In 1914, he married Martha Beeckman (1863–1951) at the home of her sister in Goshen, New York. Martha was the daughter of Gilbert Livingston Beeckman and Margaret Atherton (née Foster) Beeckman and the sister of Robert Livingston Beeckman, the 52nd Governor of Rhode Island. Martha was a descendant of Robert Livingston the Elder, Declaration of Independence signer Philip Livingston and "The Chancellor" Robert Livingston.

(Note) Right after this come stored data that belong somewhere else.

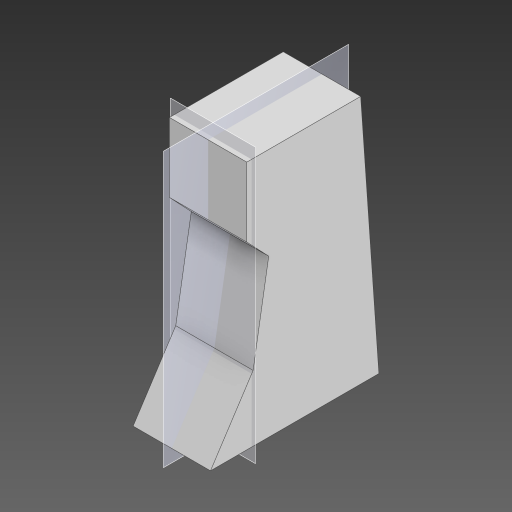
# Autodesk Inventor part: BaseBoundingBox
Saved by Autodesk Inventor 2023 (Build 270158000, 158)
## iProperties
Created: 2023-03-19
Part Number: BaseBoundingBox
Material: Generic
Document SubType Name: Modeling
Designer: Val
Density: 1 g/cm^3
Appearance: Default
Author: Val
Autodesk Inventor part; units mm, degrees
ref_plane "XZ Plane" through (0, 0, 0) normal (0, 1, 0) x (-1, 0, 0)
sketch "Sketch1" plane through (0, 0, 0) normal (1, 0, 0) x (0, 1, 0)
  line L0 (-136.2516, 26.0681) -> (-94.6911, -0.9217)
  line L1 (-94.6911, -0.9217) -> (-36.9927, -10.7705)
  line L2 (-36.9927, -10.7705) -> (-22.35, 3.08)
  line L3 (-22.35, 3.08) -> (21.5, 3.08)
  line L4 (21.5, 3.08) -> (21.5, -69)
  line L5 (21.5, -69) -> (-136.2516, -80.5428)
  line L6 (-136.2516, -80.5428) -> (-136.2516, 26.0681)
  line L7 (-20.328, 3.08) -> (15.75, 3.08)
  line L8 (21.5, 2) -> (21.5, -10)
  line L9 (-36.9927, -10.7705) -> (-23.8189, 1.6905)
  line L10 (-136.2516, -70.0311) -> (-136.2516, 7.0311)
  line L11 (-120.3625, 15.7495) -> (-94.6911, -0.9217)
  point P0 (0, 0)
  point P1 (-136.2516, 7.0311)
  dimension "d0" = 46.592
  dimension "d1" = 94.185
  dimension "d2" = 99.687
  dimension "d3" = 57
  dimension "d4" = 157.7516
  dimension "d5" = 21.5
  dimension "d6" = 3.08
  dimension "d7" = 17.5961
  dimension "d8" = 70.385
  dimension "d9" = 16.8414
  dimension "d10" = 52.3454
  dimension "d11" = 1.08
  dimension "d12" = 13.08
  dimension "d13" = 5.75
  dimension "d14" = 41.828
  dimension "d15" = 45.3189
  dimension "d16" = 141.8624
  dimension "d17" = 3.9511
  dimension "d18" = 73.1111
  constraints: 24 end point, 5 collinear, 1 coincident, 1 horizontal, 1 parallel, 1 perpendicular
  measures "d0" angle of L4 L9
  measures "d1" angle of L4 L5
  measures "d2" angle of L4 L1
  measures "d3" angle of L4 L0
  measures "d4" distance between parallel lines of L4 L6
  measures "d5" distance from line of point (0, 0) L4
  measures "d6" distance from line of point (0, 0) L3
  measures "d7" distance from line of point (0, 0) L9
  measures "d8" distance from line of point (0, 0) L5
  measures "d9" distance from line of point (0, 0) L1
  measures "d10" distance from line of point (0, 0) L0
  measures "d11" distance from line of L8.start L3
  measures "d12" distance from line of L8.end L3
  measures "d13" distance from line of L7.end L4
  measures "d14" distance from line of L7.start L4
  measures "d15" distance from line of L9.end L4
  measures "d16" distance from line of L11.start L4
  measures "d17" distance from line of L10.end L3
  measures "d18" distance from line of L10.start L3
extrude "Extrusion1" add sketch "Sketch1" along normal mid plane 48.9966
body "Solid1"

French died on November 15, 1941, at his estate, Journey's End, in Chester, New Hampshire. He was buried at the Chester Village Cemetery in Rockingham County, New Hampshire.

===Descendants===
Through his son Francis, he was the grandfather of Ellen Tuck French (1915–1974), who was the first wife of John Jacob Astor VI in 1934. After their divorce in May 1943, she remarried to Raymond R. Guest in 1953. Ellen's sister, Virginia Middleton French (1917–2011), would marry William Force Dick, Astor's half-brother, on December 18, 1941, before her later marriage to Philip B. Pool.